◆ Exercise goal
Leave the pictures out. Transcribe exactly every line from the start of the records through the one containing "point P10 (0, 1.25)".

(Stored dataset items)
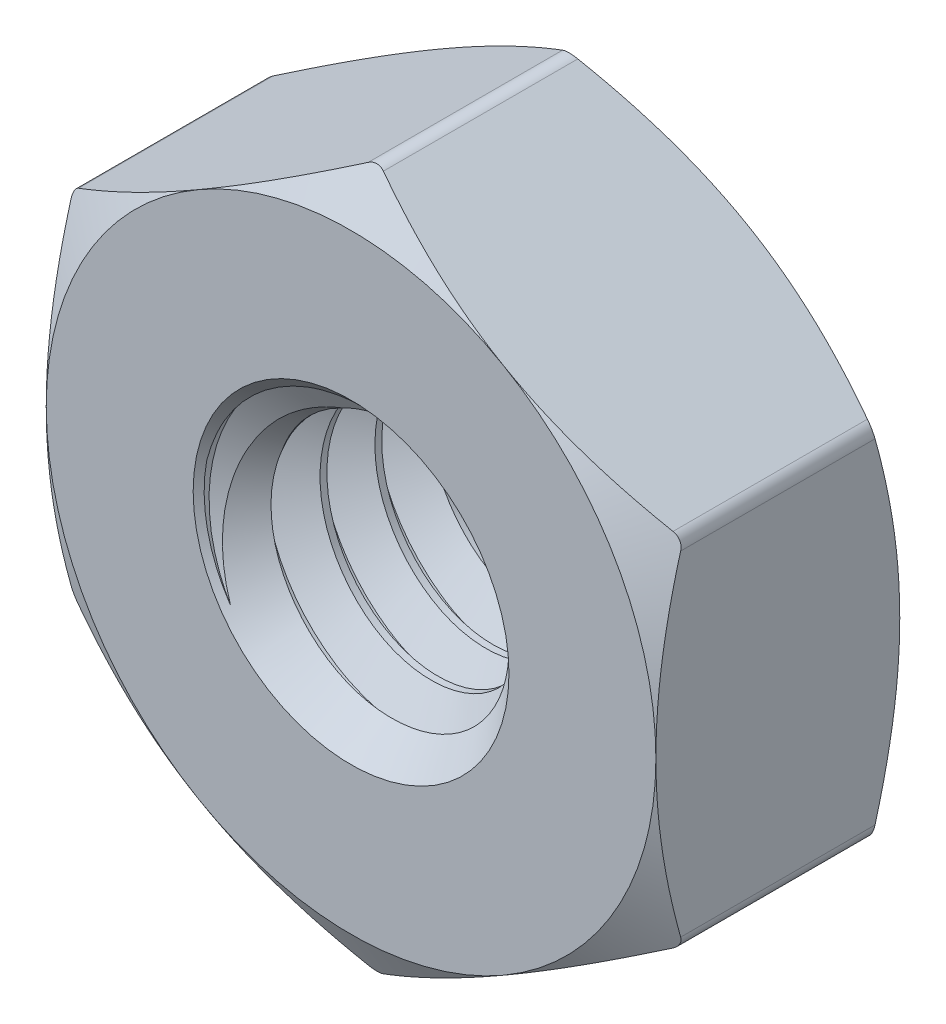
SolidWorks part; units mm, degrees
ref_plane "Front" through (0, 0, 0) normal (0, 0, 1) x (1, 0, 0)
ref_plane "Top" through (0, 0, 0) normal (0, 1, 0) x (1, 0, 0)
ref_plane "Right" through (0, 0, 0) normal (1, 0, 0) x (0, 0, -1)
sketch "Sketch1" plane through (0, 0, 0) normal (0, 0, 1) x (1, 0, 0)
  line L0 (0, 1.25) -> (0, 0.8) construction
  line L1 (-2.5, 1.4434) -> (-2.5, -1.4434)
  line L2 (-2.5, -1.4434) -> (0, -2.8868)
  line L3 (0, -2.8868) -> (2.5, -1.4434)
  line L4 (2.5, -1.4434) -> (2.5, 1.4434)
  line L5 (2.5, 1.4434) -> (0, 2.8868)
  line L6 (0, 2.8868) -> (-2.5, 1.4434)
  circle A0 centre (0, 0) radius 2.5 construction
  circle A1 centre (0, 0) radius 1.25 construction
  point P10 (0, 1.25)
  dimension "Width" = 5
  dimension "Thread Size" = 2.5
  dimension "Thread Pitch" = 0.45
sketch "Sketch2" plane through (0, 0, 0) normal (1, 0, 0) x (0, 0, -1)
  line L0 (-1, 0) -> (1, 0) construction
  line L1 (-1, 2.8868) -> (1, 2.8868) construction
  dimension "Height" = 2
sketch "Sketch15" plane through (0, 0, 0) normal (0, 0, 1) x (1, 0, 0)
  line L1 (0, 2.8868) -> (-2.5, 1.4434)
  line L2 (-2.5, 1.4434) -> (-2.5, -1.4434)
  line L3 (-2.5, -1.4434) -> (0, -2.8868)
  line L4 (0, -2.8868) -> (2.5, -1.4434)
  line L5 (2.5, -1.4434) -> (2.5, 1.4434)
  line L6 (2.5, 1.4434) -> (0, 2.8868)
  circle A0 centre (0, 0) radius 2.5 construction
extrude "Boss-Extrude2" add sketch "Sketch15" along normal mid plane 2
sketch "Sketch16" plane through (0, 0, 0) normal (0, 0, 1) x (1, 0, 0)
  circle A0 centre (0, 0) radius 1.25 construction
  circle A1 centre (0, 0) radius 1.25
sketch "Sketch4" plane through (0, 0, -1) normal (0, 0, -1) x (-1, 0, 0)
  circle A0 centre (0, 0) radius 1.25 construction
  circle A1 centre (0, 0) radius 1.25
extrude "Cut-Extrude4" cut sketch "Sketch16" against normal through all both and the other way through all
sketch "Sketch7" plane through (0, 0, 1) normal (0, 0, 1) x (1, 0, 0)
  circle A0 centre (0, 0) radius 2.5 construction
  circle A1 centre (0, 0) radius 2.5
extrude "Cut-Extrude5" cut sketch "Sketch7" against normal through all draft 60 flip side to cut
mirror "Mirror4" about plane through (0, 0, 0) normal (0, 0, 1) of "Cut-Extrude5"
fillet "Fillet2" radius 0.125 6 edges at (-2.5, 1.4434, 0) (-2.5, -1.4434, 0) (0, -2.8868, 0) (2.5, -1.4434, 0) (2.5, 1.4434, 0) (0, 2.8868, 0)
sketch "Sketch8" plane through (0, 0, 1) normal (0, 0, 1) x (1, 0, 0)
  line L0 (0.3235, -1.2074) -> (0, 0) construction
  line L2 (0, 1.25) -> (0, 0.8) construction
  circle A0 centre (0, 0) radius 1.25 construction
  point P0 (0.3235, -1.2074)
  dimension "D1" = 15
sketch "Sketch13" plane through (0, 0, -1) normal (0, 0, -1) x (-1, 0, 0)
  circle A0 centre (0, 0) radius 1.25 construction
  circle A1 centre (0, 0) radius 1.25
extrude "Boss-Extrude1" add sketch "Sketch13" against normal up to surface (2 mm away) separate body up to face at (1.25, 0, 1)
curve "Helix/Spiral3" pitch 0.45 height 2.9 radius 1.25 centre (0, 0, -1) axis (0, 0, 1) start towards (0, 1, 0)
sketch "Sketch12" plane through (0, 0, 0) normal (1, 0, 0) x (0, 0, -1)
  line L0 (1.3938, 1.25) -> (1, 1.25)
  line L1 (1.3938, 1.25) -> (1.225, 0.9577)
  line L2 (1.225, 0.9577) -> (1.1688, 0.9577)
  line L3 (1.1688, 0.9577) -> (1, 1.25)
  line L4 (1.1969, 0.9577) -> (1.1969, 1.25) construction
  line L5 (1.0844, 1.1039) -> (1.3094, 1.1039) construction
  dimension "D1" = 60
  dimension "D2" = 0.0563
  dimension "D3" = 0.225
sweep "Cut-Sweep1" cut profiles "Sketch12" path "Helix/Spiral3" align with end faces yes
sketch "Sketch17" plane through (0, 0, 1) normal (0, 0, 1) x (1, 0, 0)
  circle A1 centre (0, 0) radius 1.25
  circle A2 centre (0, 0) radius 1.25
  dimension "D1" = 0
extrude "Boss-Extrude3" add sketch "Sketch17" against normal up to surface (2 mm away) up to face at (1.25, 0, -1)
combine bodies "Combine1" operation type subtract main body 127 bodies to subtract 118
sketch "Sketch10" plane through (0, 0, 1) normal (0, 0, 1) x (1, 0, 0)
  circle A0 centre (0, 0) radius 1.25 construction
  circle A1 centre (0, 0) radius 1.25 construction
  circle A2 centre (0, 0) radius 1.295
  dimension "D1" = 0.045
extrude "Cut-Extrude2" cut sketch "Sketch10" against normal through all draft 45
sketch "Sketch11" plane through (0, 0, -1) normal (0, 0, -1) x (-1, 0, 0)
  circle A1 centre (0, 0) radius 1.295 construction
  circle A2 centre (0, 0) radius 1.295
extrude "Cut-Extrude3" cut sketch "Sketch11" against normal through all draft 45
equation "\"D1\"= \"Height@Sketch2\""
equation "\"D3@Helix/Spiral3\"=\"Height@Sketch2\"+\"Thread Pitch@Sketch1\"*2"
equation "\"D4@Helix/Spiral3\"=\"Thread Pitch@Sketch1\""
equation "\"D2@Sketch12\" = \"D4@Helix/Spiral3\"*.125"
equation "\"D3@Sketch12\" = \"D4@Helix/Spiral3\"*.50"
equation "\"D1@Boss-Extrude2\"=\"Height@Sketch2\""
equation "\"D1@Fillet2\"=\"Width@Sketch1\"*0.025"
equation "\"D1@Sketch10\"=\"Thread Pitch@Sketch1\"*0.1"

◆ Expected output
SolidWorks part; units mm, degrees
ref_plane "Front" through (0, 0, 0) normal (0, 0, 1) x (1, 0, 0)
ref_plane "Top" through (0, 0, 0) normal (0, 1, 0) x (1, 0, 0)
ref_plane "Right" through (0, 0, 0) normal (1, 0, 0) x (0, 0, -1)
sketch "Sketch1" plane through (0, 0, 0) normal (0, 0, 1) x (1, 0, 0)
  line L0 (0, 1.25) -> (0, 0.8) construction
  line L1 (-2.5, 1.4434) -> (-2.5, -1.4434)
  line L2 (-2.5, -1.4434) -> (0, -2.8868)
  line L3 (0, -2.8868) -> (2.5, -1.4434)
  line L4 (2.5, -1.4434) -> (2.5, 1.4434)
  line L5 (2.5, 1.4434) -> (0, 2.8868)
  line L6 (0, 2.8868) -> (-2.5, 1.4434)
  circle A0 centre (0, 0) radius 2.5 construction
  circle A1 centre (0, 0) radius 1.25 construction
  point P10 (0, 1.25)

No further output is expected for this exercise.